▶ [Task details]: Pull out of the data below the stretch of lines bounded by the one containing "point P0 (-15.5, 15.5)" and the one containing "line L5 (11, 0) -> (0, 0)", both bounds included, unchanged.

##### Listed records #####

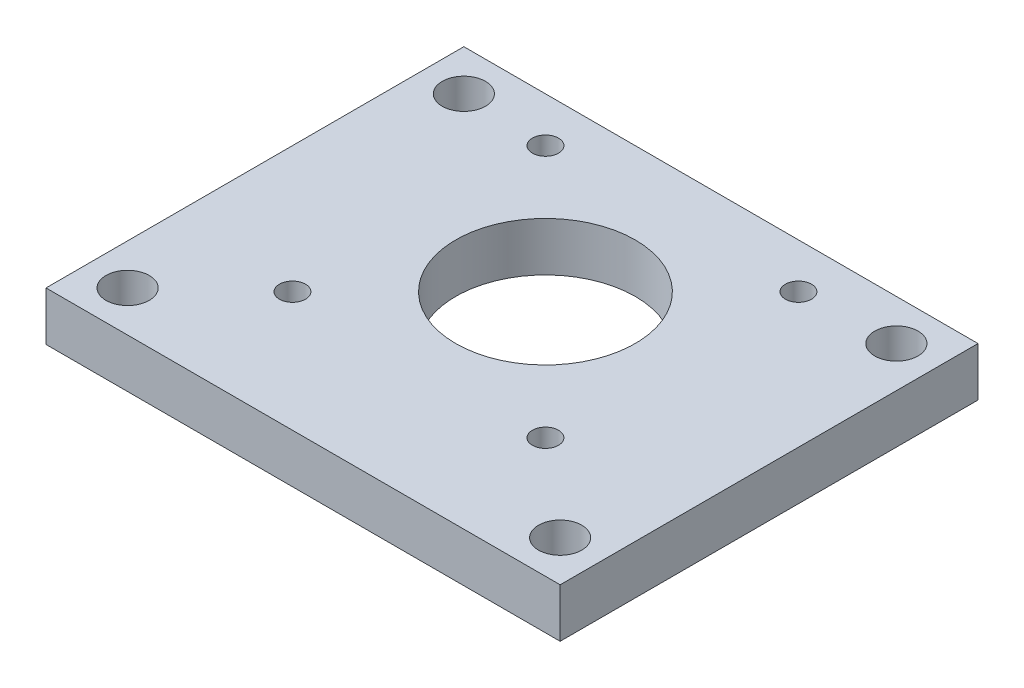
SolidWorks part; units mm, degrees
ref_plane "Front Plane" through (0, 0, 0) normal (0, 0, 1) x (1, 0, 0)
ref_plane "Top Plane" through (0, 0, 0) normal (0, 1, 0) x (1, 0, 0)
ref_plane "Right Plane" through (0, 0, 0) normal (1, 0, 0) x (0, 0, -1)
sketch "Sketch1" plane through (0, 0, 0) normal (0, 1, 0) x (1, 0, 0)
  line L0 (32, -30.2) -> (-31, -30.2)
  line L1 (15.5, -15.5) -> (-15.5, -15.5) construction
  line L2 (15.5, -15.5) -> (15.5, 15.5) construction
  line L3 (15.5, 15.5) -> (-15.5, 15.5) construction
  line L4 (-15.5, -15.5) -> (-15.5, 15.5) construction
  line L5 (15.5, -15.5) -> (-15.5, 15.5) construction
  line L6 (15.5, 15.5) -> (-15.5, -15.5) construction
  line L7 (-31, -30.2) -> (-31, 21)
  line L8 (-31, 21) -> (32, 21)
  line L9 (32, 21) -> (32, -30.2)
  line L10 (-21, 21) -> (-21, -30.2) construction
  circle A0 centre (0, 0) radius 11 construction
  circle A1 centre (-15.5, 15.5) radius 1.5 construction
  circle A2 centre (15.5, 15.5) radius 1.5 construction
  circle A3 centre (15.5, -15.5) radius 1.5 construction
  circle A4 centre (-15.5, -15.5) radius 1.5 construction
  circle A5 centre (27, -25.2) radius 5 construction
  circle A6 centre (27, -25.2) radius 2.5 construction
  circle A7 centre (-26, -25.2) radius 5 construction
  circle A8 centre (-26, -25.2) radius 2.5 construction
  circle A9 centre (27, 16) radius 5 construction
  circle A10 centre (27, 16) radius 2.5 construction
  circle A11 centre (-26, 16) radius 2.5 construction
  circle A12 centre (-26, 16) radius 5 construction
  point P3 (32, -30.2)
  dimension "D3" = 22
  dimension "D4" = 3
  dimension "D6" = 10
  dimension "D7" = 5
  dimension "D1" = 32
  dimension "D2" = 30.2
  dimension "D5" = 31
  dimension "D8" = 21
  dimension "D9" = 21
extrude "Boss-Extrude1" add sketch "Sketch1" along normal blind 6
hole_wizard "M5 Clearance Hole1" positions "Sketch2" profile "Sketch3" hole size "M5" standard "ANSI Metric" end condition through all
sketch "Sketch2" plane through (0, 6, 0) normal (0, 1, 0) x (1, 0, 0)
  point P0 (-26, 16)
  point P3 (-26, -25.2)
  point P6 (27, -25.2)
  point P9 (27, 16)
sketch "Sketch3" plane through (-26, 6, -16) normal (1, 0, 0) x (0, 0, 1)
  line L0 (0, 0) -> (0, 6)
  line L1 (0, 6) -> (2.65, 6)
  line L2 (2.65, 6) -> (2.65, 0)
  line L5 (2.65, 0) -> (0, 0)
  line L11 (0, -6.35) -> (0, 107.95) construction
  dimension "Thru Hole Dia." = 5.3
  dimension "Thru Hole Depth" = 6
hole_wizard "M3 Clearance Hole1" positions "Sketch4" profile "Sketch5" hole size "M3" standard "ANSI Metric" end condition through all
sketch "Sketch4" plane through (0, 6, 0) normal (0, 1, 0) x (1, 0, 0)
  point P0 (-15.5, 15.5)
  point P3 (15.5, 15.5)
  point P6 (15.5, -15.5)
  point P9 (-15.5, -15.5)
sketch "Sketch5" plane through (-15.5, 6, -15.5) normal (1, 0, 0) x (0, 0, 1)
  line L0 (0, 0) -> (0, 6)
  line L1 (0, 6) -> (1.6, 6)
  line L2 (1.6, 6) -> (1.6, 0)
  line L5 (1.6, 0) -> (0, 0)
  line L11 (0, -6.35) -> (0, 107.95) construction
  dimension "Thru Hole Dia." = 3.2
  dimension "Thru Hole Depth" = 6
hole_wizard "Ø22.0 (22) Diameter Hole1" positions "Sketch6" profile "Sketch7" hole size "Ø22.0" standard "ANSI Metric" end condition through all
sketch "Sketch6" plane through (0, 6, 0) normal (0, 1, 0) x (1, 0, 0)
  point P0 (0, 0)
sketch "Sketch7" plane through (0, 6, 0) normal (1, 0, 0) x (0, 0, 1)
  line L0 (0, 0) -> (0, 6)
  line L1 (0, 6) -> (11, 6)
  line L2 (11, 6) -> (11, 0)
  line L5 (11, 0) -> (0, 0)
  line L11 (0, -6.35) -> (0, 107.95) construction
  dimension "Thru Hole Dia." = 22
  dimension "Thru Hole Depth" = 6
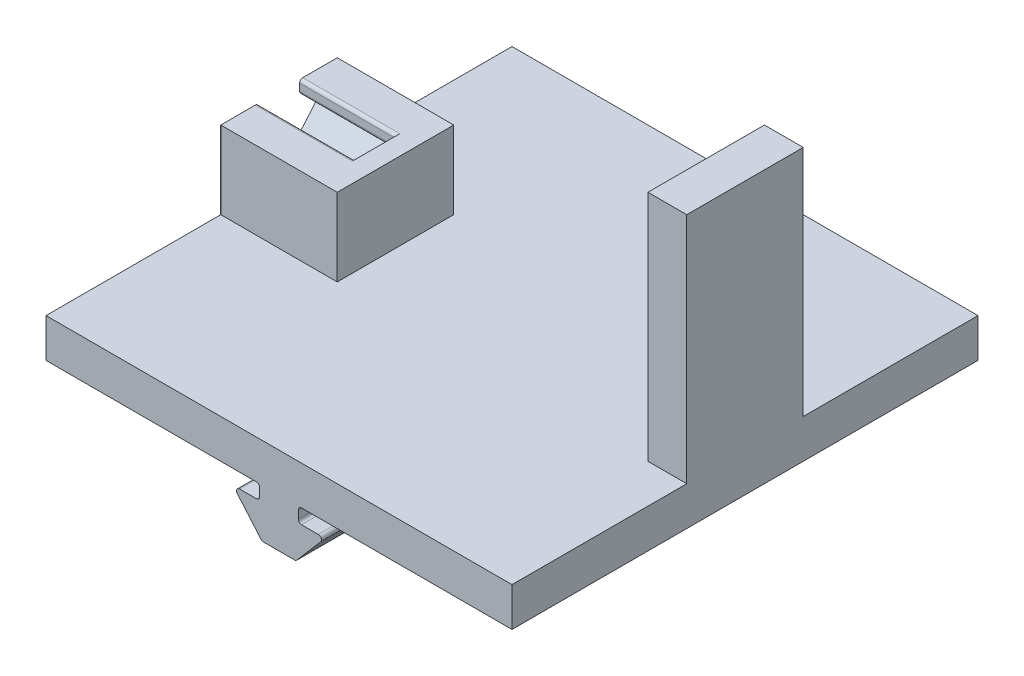
SolidWorks part; units mm, degrees
ref_plane "Front Plane" through (0, 0, 0) normal (0, 0, 1) x (1, 0, 0)
ref_plane "Top Plane" through (0, 0, 0) normal (0, 1, 0) x (1, 0, 0)
ref_plane "Right Plane" through (0, 0, 0) normal (1, 0, 0) x (0, 0, -1)
sketch "Sketch1" plane through (0, 0, 0) normal (0, 0, 1) x (1, 0, 0)
  line L1 (-38.1, 6.35) -> (38.1, 6.35)
  line L2 (-38.1, 6.35) -> (-38.1, 0)
  line L3 (-38.1, 0) -> (38.1, 0)
  line L4 (38.1, 6.35) -> (38.1, 0)
  point P4 (0, 0)
  point P6 (21.2452, 8.5644)
  point P7 (38.0839, 8.0958)
  point P9 (-37.5696, 6.35)
  dimension "D1" = 76.2
  dimension "D2" = 6.35
extrude "Boss-Extrude1" add sketch "Sketch1" along normal mid plane 76.2
sketch "Sketch2" plane through (0, 0, 0) normal (0, 0, 1) x (1, 0, 0)
  line L1 (-38.1, 6.35) -> (-19.05, 6.35)
  line L2 (-38.1, 6.35) -> (-38.1, 19.05)
  line L3 (-38.1, 19.05) -> (-19.05, 19.05)
  line L4 (-19.05, 6.35) -> (-19.05, 19.05)
  line L5 (38.1, 6.35) -> (31.75, 6.35)
  line L6 (38.1, 6.35) -> (38.1, 44.45)
  line L7 (38.1, 44.45) -> (31.75, 44.45)
  line L8 (31.75, 6.35) -> (31.75, 44.45)
  dimension "D1" = 6.35
  dimension "D2" = 38.1
  dimension "D3" = 19.05
  dimension "D4" = 12.7
extrude "Boss-Extrude2" add sketch "Sketch2" along normal mid plane 19.05
sketch "Sketch3" plane through (0, 0, 0) normal (0, 0, 1) x (1, 0, 0)
  line L0 (-3.175, 0) -> (-3.175, -2.3813)
  line L1 (-38.1, 0) -> (38.1, 0) construction
  line L2 (-3.175, -2.3813) -> (-7.5406, -2.3813)
  line L3 (-7.5406, -2.3813) -> (-2.7781, -7.9375)
  line L4 (-2.7781, -7.9375) -> (2.7781, -7.9375)
  line L5 (2.7781, -7.9375) -> (7.5406, -2.3812)
  line L6 (7.5406, -2.3812) -> (3.175, -2.3812)
  line L7 (3.175, -2.3812) -> (3.175, 0)
  line L8 (3.175, 0) -> (-3.175, 0)
  point P10 (0, 0)
  point P11 (0, -7.9375)
  point P13 (4.2959, -9.4318)
  point P14 (14.0593, -5.8388)
  point P15 (2.9681, -13.8839)
  point P16 (14.0593, -5.9531)
  point P17 (5.2622, -5.0635)
  point P18 (1.5767, -3.9198)
  dimension "D1" = 6.35
  dimension "D2" = 15.0812
  dimension "D3" = 2.3813
  dimension "D4" = 5.5562
  dimension "D5" = 5.5562
extrude "Boss-Extrude3" add sketch "Sketch3" along normal up to surface and the other way up to surface up to face at (0, 3.175, 38.1) other way up to face at (0, 3.175, -38.1)
sketch "Sketch5" plane through (0, 0, 0) normal (-1, 0, 0) x (0, 0, 1)
  line L0 (-3.175, 19.05) -> (-3.175, 16.6688) construction
  line L1 (-3.175, 16.6688) -> (-7.5406, 16.6688) construction
  line L2 (-7.5406, 16.6688) -> (-2.7781, 11.1125) construction
  line L3 (-2.7781, 11.1125) -> (2.7781, 11.1125) construction
  line L4 (2.7781, 11.1125) -> (7.5406, 16.6688) construction
  line L5 (7.5406, 16.6688) -> (3.175, 16.6688) construction
  line L6 (3.175, 16.6688) -> (3.175, 19.05) construction
  line L7 (3.175, 19.05) -> (-3.175, 19.05) construction
  line L8 (9.525, 19.05) -> (-9.525, 19.05) construction
  line L9 (-3.375, 19.05) -> (-3.375, 16.8688)
  line L10 (-3.375, 16.8688) -> (-7.9755, 16.8688)
  line L11 (-7.9755, 16.8688) -> (-2.8701, 10.9125)
  line L12 (-2.8701, 10.9125) -> (2.8701, 10.9125)
  line L13 (2.8701, 10.9125) -> (7.9755, 16.8688)
  line L14 (7.9755, 16.8688) -> (3.375, 16.8688)
  line L15 (3.375, 16.8688) -> (3.375, 19.05)
  line L16 (-3.375, 19.05) -> (3.375, 19.05)
  point P9 (0, 11.1125)
  point P11 (0, 19.05)
  dimension "D1" = 6.35
  dimension "D2" = 15.0812
  dimension "D3" = 2.3813
  dimension "D4" = 5.5562
  dimension "D5" = 5.5562
  dimension "D6" = 0.2
extrude "Cut-Extrude2" cut sketch "Sketch5" against normal offset from surface (15.875 mm away) 3.175 from surface at 38.1 up to face at (-19.05, 12.7, 0) starting at face at (-38.1, 7.9375, 0)
fillet "Fillet1" radius 0.508 16 edges at (-7.5406, -2.3813, 0) (-2.7781, -7.9375, 0) (2.7781, -7.9375, 0) (7.5406, -2.3813, 0) (3.175, -2.3812, 0) (-3.175, -2.3813, 0) (-3.175, 0, 0) (3.175, 0, 0) (-30.1625, 19.05, -3.375) (-30.1625, 19.05, 3.375) (-30.1625, 10.9125, -2.8701) (-30.1625, 10.9125, 2.8701) (-30.1625, 16.8688, 7.9755) (-30.1625, 16.8688, -7.9755) (-30.1625, 16.8688, -3.375) (-30.1625, 16.8688, 3.375)

#####

▶ [Solution for this task]:
  point P0 (-15.5, 15.5)
  point P3 (15.5, 15.5)
  point P6 (15.5, -15.5)
  point P9 (-15.5, -15.5)
sketch "Sketch5" plane through (-15.5, 6, -15.5) normal (1, 0, 0) x (0, 0, 1)
  line L0 (0, 0) -> (0, 6)
  line L1 (0, 6) -> (1.6, 6)
  line L2 (1.6, 6) -> (1.6, 0)
  line L5 (1.6, 0) -> (0, 0)
  line L11 (0, -6.35) -> (0, 107.95) construction
  dimension "Thru Hole Dia." = 3.2
  dimension "Thru Hole Depth" = 6
hole_wizard "Ø22.0 (22) Diameter Hole1" positions "Sketch6" profile "Sketch7" hole size "Ø22.0" standard "ANSI Metric" end condition through all
sketch "Sketch6" plane through (0, 6, 0) normal (0, 1, 0) x (1, 0, 0)
  point P0 (0, 0)
sketch "Sketch7" plane through (0, 6, 0) normal (1, 0, 0) x (0, 0, 1)
  line L0 (0, 0) -> (0, 6)
  line L1 (0, 6) -> (11, 6)
  line L2 (11, 6) -> (11, 0)
  line L5 (11, 0) -> (0, 0)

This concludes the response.